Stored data
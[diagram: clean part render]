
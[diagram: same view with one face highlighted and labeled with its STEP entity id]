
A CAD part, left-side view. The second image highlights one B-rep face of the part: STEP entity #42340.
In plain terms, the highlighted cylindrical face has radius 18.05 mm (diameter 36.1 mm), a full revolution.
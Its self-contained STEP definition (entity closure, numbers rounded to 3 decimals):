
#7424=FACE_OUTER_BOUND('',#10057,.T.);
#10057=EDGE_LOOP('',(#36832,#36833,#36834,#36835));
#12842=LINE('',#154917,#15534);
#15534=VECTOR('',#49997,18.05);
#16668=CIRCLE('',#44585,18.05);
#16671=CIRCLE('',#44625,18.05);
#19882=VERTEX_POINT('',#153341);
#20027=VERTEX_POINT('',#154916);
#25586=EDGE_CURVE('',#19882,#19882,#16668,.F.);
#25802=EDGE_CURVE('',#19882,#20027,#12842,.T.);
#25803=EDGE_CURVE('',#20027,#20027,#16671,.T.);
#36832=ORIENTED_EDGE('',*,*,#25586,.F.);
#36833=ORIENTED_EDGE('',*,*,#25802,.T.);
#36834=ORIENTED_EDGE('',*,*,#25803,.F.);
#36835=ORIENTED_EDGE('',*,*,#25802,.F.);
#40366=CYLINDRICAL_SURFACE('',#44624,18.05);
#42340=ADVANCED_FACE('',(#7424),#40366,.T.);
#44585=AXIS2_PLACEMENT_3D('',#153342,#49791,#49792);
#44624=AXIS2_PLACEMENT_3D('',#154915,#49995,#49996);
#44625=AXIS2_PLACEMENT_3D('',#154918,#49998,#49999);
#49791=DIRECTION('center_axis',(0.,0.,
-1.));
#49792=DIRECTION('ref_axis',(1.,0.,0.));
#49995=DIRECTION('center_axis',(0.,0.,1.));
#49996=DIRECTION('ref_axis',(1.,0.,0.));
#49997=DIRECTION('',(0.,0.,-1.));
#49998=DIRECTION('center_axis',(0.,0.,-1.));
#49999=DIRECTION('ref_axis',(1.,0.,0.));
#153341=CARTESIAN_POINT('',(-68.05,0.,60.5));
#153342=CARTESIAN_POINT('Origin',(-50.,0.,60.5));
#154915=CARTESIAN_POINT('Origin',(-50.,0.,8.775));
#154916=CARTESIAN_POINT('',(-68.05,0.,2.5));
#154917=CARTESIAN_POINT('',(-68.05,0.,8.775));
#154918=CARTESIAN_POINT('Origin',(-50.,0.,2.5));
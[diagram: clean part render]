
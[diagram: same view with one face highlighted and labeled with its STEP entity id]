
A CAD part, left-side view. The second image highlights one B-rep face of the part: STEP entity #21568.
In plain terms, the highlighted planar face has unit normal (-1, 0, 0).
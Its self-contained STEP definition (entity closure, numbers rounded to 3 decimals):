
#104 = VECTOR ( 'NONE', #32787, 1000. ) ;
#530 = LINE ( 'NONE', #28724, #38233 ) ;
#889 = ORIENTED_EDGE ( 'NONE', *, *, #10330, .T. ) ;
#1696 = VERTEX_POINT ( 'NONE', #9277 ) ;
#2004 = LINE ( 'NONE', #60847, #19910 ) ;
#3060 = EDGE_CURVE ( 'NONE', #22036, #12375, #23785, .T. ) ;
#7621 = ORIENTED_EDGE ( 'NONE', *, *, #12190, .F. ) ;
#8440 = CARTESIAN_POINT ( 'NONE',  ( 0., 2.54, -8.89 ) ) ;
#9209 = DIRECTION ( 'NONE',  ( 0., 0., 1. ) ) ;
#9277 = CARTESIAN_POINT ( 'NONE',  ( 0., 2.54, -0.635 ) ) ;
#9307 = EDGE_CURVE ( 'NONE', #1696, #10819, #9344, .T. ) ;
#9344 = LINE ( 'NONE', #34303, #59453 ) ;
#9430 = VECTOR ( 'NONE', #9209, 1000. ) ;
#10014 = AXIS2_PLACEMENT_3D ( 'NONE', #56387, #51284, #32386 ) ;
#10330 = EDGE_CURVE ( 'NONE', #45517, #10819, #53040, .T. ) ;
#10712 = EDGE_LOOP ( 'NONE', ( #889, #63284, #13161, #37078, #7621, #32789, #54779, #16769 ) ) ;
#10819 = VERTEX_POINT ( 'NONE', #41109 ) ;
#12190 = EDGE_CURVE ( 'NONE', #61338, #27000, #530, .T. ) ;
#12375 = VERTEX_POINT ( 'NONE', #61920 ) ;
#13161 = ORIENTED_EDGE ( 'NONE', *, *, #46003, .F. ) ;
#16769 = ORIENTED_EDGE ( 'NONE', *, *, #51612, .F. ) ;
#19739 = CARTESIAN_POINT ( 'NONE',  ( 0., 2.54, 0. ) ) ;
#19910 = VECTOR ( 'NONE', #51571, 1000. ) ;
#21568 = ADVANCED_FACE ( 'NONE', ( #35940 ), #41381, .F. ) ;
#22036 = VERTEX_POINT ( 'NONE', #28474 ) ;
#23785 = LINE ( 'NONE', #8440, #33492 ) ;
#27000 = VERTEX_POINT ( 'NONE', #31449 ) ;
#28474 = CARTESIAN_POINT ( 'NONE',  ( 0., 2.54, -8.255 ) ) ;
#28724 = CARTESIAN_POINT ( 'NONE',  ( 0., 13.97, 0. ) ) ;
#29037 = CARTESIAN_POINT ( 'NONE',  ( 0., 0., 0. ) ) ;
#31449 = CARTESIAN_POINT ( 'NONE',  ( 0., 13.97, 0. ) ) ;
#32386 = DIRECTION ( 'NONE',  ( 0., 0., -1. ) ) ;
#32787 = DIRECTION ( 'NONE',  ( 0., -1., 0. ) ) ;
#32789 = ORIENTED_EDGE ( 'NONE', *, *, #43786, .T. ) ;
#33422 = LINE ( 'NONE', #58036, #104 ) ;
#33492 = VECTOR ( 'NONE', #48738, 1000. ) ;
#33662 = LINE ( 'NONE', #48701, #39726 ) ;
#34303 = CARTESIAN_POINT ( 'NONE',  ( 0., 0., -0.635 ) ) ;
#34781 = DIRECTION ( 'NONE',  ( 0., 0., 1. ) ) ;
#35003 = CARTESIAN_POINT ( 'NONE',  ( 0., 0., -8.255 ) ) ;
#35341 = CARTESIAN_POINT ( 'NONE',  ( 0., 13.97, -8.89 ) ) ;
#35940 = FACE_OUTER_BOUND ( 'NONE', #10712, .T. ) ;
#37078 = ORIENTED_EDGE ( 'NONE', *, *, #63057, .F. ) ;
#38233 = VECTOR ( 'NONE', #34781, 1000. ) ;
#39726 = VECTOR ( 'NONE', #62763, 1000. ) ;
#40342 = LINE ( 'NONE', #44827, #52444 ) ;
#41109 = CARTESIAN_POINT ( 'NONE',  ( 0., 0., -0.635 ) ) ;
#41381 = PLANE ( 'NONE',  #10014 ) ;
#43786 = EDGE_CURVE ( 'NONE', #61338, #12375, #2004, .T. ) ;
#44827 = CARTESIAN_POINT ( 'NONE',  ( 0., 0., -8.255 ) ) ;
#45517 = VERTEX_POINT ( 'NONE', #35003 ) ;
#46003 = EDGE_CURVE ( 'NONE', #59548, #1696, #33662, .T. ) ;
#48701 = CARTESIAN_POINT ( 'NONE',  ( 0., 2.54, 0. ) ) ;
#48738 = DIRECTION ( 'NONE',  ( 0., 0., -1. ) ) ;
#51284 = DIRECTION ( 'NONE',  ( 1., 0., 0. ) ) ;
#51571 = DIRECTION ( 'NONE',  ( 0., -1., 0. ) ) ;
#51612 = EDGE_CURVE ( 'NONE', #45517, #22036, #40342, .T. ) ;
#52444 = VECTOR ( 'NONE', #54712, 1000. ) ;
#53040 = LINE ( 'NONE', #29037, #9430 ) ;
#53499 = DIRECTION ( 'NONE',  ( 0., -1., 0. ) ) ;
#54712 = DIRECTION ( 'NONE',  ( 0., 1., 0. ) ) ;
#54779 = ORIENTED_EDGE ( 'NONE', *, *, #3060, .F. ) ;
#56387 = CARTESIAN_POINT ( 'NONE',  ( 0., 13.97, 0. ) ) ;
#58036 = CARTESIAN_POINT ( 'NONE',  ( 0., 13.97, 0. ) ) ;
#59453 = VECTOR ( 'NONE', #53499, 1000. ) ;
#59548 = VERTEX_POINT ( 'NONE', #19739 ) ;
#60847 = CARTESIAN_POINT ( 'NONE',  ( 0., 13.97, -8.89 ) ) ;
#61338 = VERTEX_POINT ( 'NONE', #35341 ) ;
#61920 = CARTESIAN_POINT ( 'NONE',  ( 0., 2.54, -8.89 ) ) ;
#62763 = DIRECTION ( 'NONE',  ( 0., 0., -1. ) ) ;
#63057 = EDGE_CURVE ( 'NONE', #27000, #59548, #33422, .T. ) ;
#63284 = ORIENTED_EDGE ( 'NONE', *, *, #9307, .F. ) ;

Exercise goal: Nothing should appear in the answer except the lines above from the line with "#38233 = VECTOR ( 'NONE', #34781, 1000. ) ;" through the line with "#48738 = DIRECTION", both included, written out exactly.

Solution:
#38233 = VECTOR ( 'NONE', #34781, 1000. ) ;
#39726 = VECTOR ( 'NONE', #62763, 1000. ) ;
#40342 = LINE ( 'NONE', #44827, #52444 ) ;
#41109 = CARTESIAN_POINT ( 'NONE',  ( 0., 0., -0.635 ) ) ;
#41381 = PLANE ( 'NONE',  #10014 ) ;
#43786 = EDGE_CURVE ( 'NONE', #61338, #12375, #2004, .T. ) ;
#44827 = CARTESIAN_POINT ( 'NONE',  ( 0., 0., -8.255 ) ) ;
#45517 = VERTEX_POINT ( 'NONE', #35003 ) ;
#46003 = EDGE_CURVE ( 'NONE', #59548, #1696, #33662, .T. ) ;
#48701 = CARTESIAN_POINT ( 'NONE',  ( 0., 2.54, 0. ) ) ;
#48738 = DIRECTION ( 'NONE',  ( 0., 0., -1. ) ) ;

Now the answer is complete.